### [Exercise requirements]
Once the images are set aside, write out the rest of the records exactly.

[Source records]
============

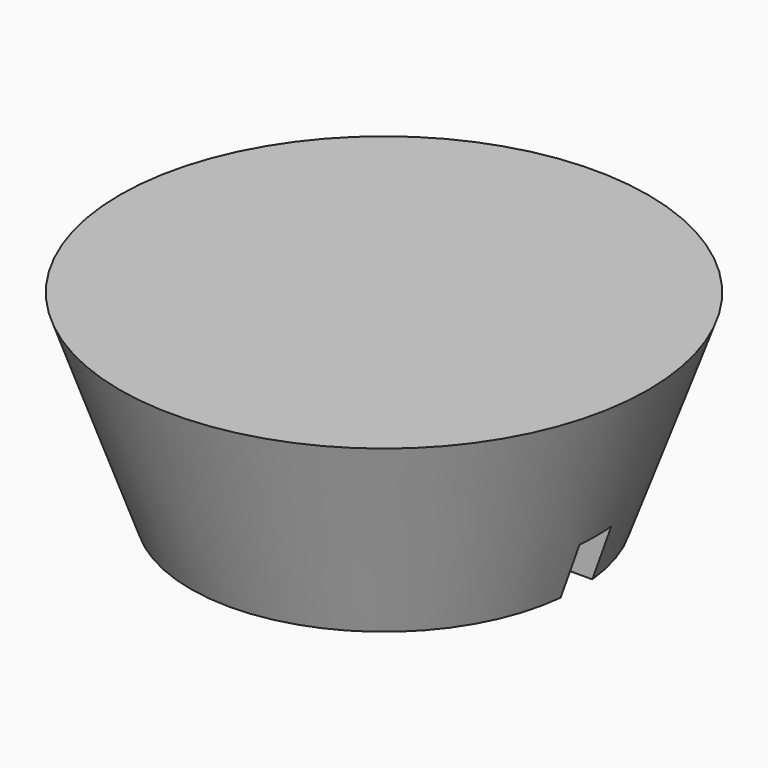
from build123d import *

# Parameters (mm, degrees)
F0_R     = 25.4
F3_R     = 18.6067290317
F8_DEPTH = 5.08
F9_DEPTH = 5.08


# Not quite as in the source:
# - a feature of the source that left no trace in its solid (it failed there, or was rolled back) is left out


with BuildPart() as f4:
    # F0 (on Top) → F4 section 0
    with BuildSketch(Plane.XY):
        Circle(F0_R)
    # F3 (on plane+point) → F4 section 1
    with BuildSketch(Plane.XY.offset(-19.05)):
        Circle(F3_R)
    loft()

    # F5 (on face) → F8 (cut)
    with BuildSketch(Plane(origin=(0, 0, -19.05), x_dir=(1, 0, 0), z_dir=(0, 0, -1))):
        with BuildLine():
            Line((18.5089529757, 1.905), (2.0125971848, 1.905))
            Line((2.0125971848, 1.905), (2.0125971848, 0))
            Line((2.0125971848, 0), (2.0125971848, -1.905))
            Line((2.0125971848, -1.905), (18.5089529757, -1.905))
            ThreePointArc((18.5089529757, -1.905), (18.5822689403, -0.9537537886), (18.6067290317, 0))
            ThreePointArc((18.6067290317, 0), (18.5822689403, 0.9537537886), (18.5089529757, 1.905))
        make_face()
    extrude(amount=-F8_DEPTH, mode=Mode.SUBTRACT)

    # F5 (on face) → F9 (cut)
    with BuildSketch(Plane(origin=(0, 0, -19.05), x_dir=(1, 0, 0), z_dir=(0, 0, -1))):
        with BuildLine():
            Line((26.4462942035, 1.905), (18.5089529757, 1.905))
            ThreePointArc((18.5089529757, 1.905), (18.5822689403, 0.9537537886), (18.6067290317, 0))
            ThreePointArc((18.6067290317, 0), (18.5822689403, -0.9537537886), (18.5089529757, -1.905))
            Line((18.5089529757, -1.905), (26.4462942035, -1.905))
            Line((26.4462942035, -1.905), (26.4462942035, 1.905))
        make_face()
    extrude(amount=-F9_DEPTH, mode=Mode.SUBTRACT)


solid = f4.part

============

### [Reply to the task]
from build123d import *

# Parameters (mm, degrees)
F0_R     = 25.4
F3_R     = 18.6067290317
F8_DEPTH = 5.08
F9_DEPTH = 5.08


# Not quite as in the source:
# - a feature of the source that left no trace in its solid (it failed there, or was rolled back) is left out


with BuildPart() as f4:
    # F0 (on Top) → F4 section 0
    with BuildSketch(Plane.XY):
        Circle(F0_R)
    # F3 (on plane+point) → F4 section 1
    with BuildSketch(Plane.XY.offset(-19.05)):
        Circle(F3_R)
    loft()

    # F5 (on face) → F8 (cut)
    with BuildSketch(Plane(origin=(0, 0, -19.05), x_dir=(1, 0, 0), z_dir=(0, 0, -1))):
        with BuildLine():
            Line((18.5089529757, 1.905), (2.0125971848, 1.905))
            Line((2.0125971848, 1.905), (2.0125971848, 0))
            Line((2.0125971848, 0), (2.0125971848, -1.905))
            Line((2.0125971848, -1.905), (18.5089529757, -1.905))
            ThreePointArc((18.5089529757, -1.905), (18.5822689403, -0.9537537886), (18.6067290317, 0))
            ThreePointArc((18.6067290317, 0), (18.5822689403, 0.9537537886), (18.5089529757, 1.905))
        make_face()
    extrude(amount=-F8_DEPTH, mode=Mode.SUBTRACT)

    # F5 (on face) → F9 (cut)
    with BuildSketch(Plane(origin=(0, 0, -19.05), x_dir=(1, 0, 0), z_dir=(0, 0, -1))):
        with BuildLine():
            Line((26.4462942035, 1.905), (18.5089529757, 1.905))
            ThreePointArc((18.5089529757, 1.905), (18.5822689403, 0.9537537886), (18.6067290317, 0))
            ThreePointArc((18.6067290317, 0), (18.5822689403, -0.9537537886), (18.5089529757, -1.905))
            Line((18.5089529757, -1.905), (26.4462942035, -1.905))
            Line((26.4462942035, -1.905), (26.4462942035, 1.905))
        make_face()
    extrude(amount=-F9_DEPTH, mode=Mode.SUBTRACT)


solid = f4.part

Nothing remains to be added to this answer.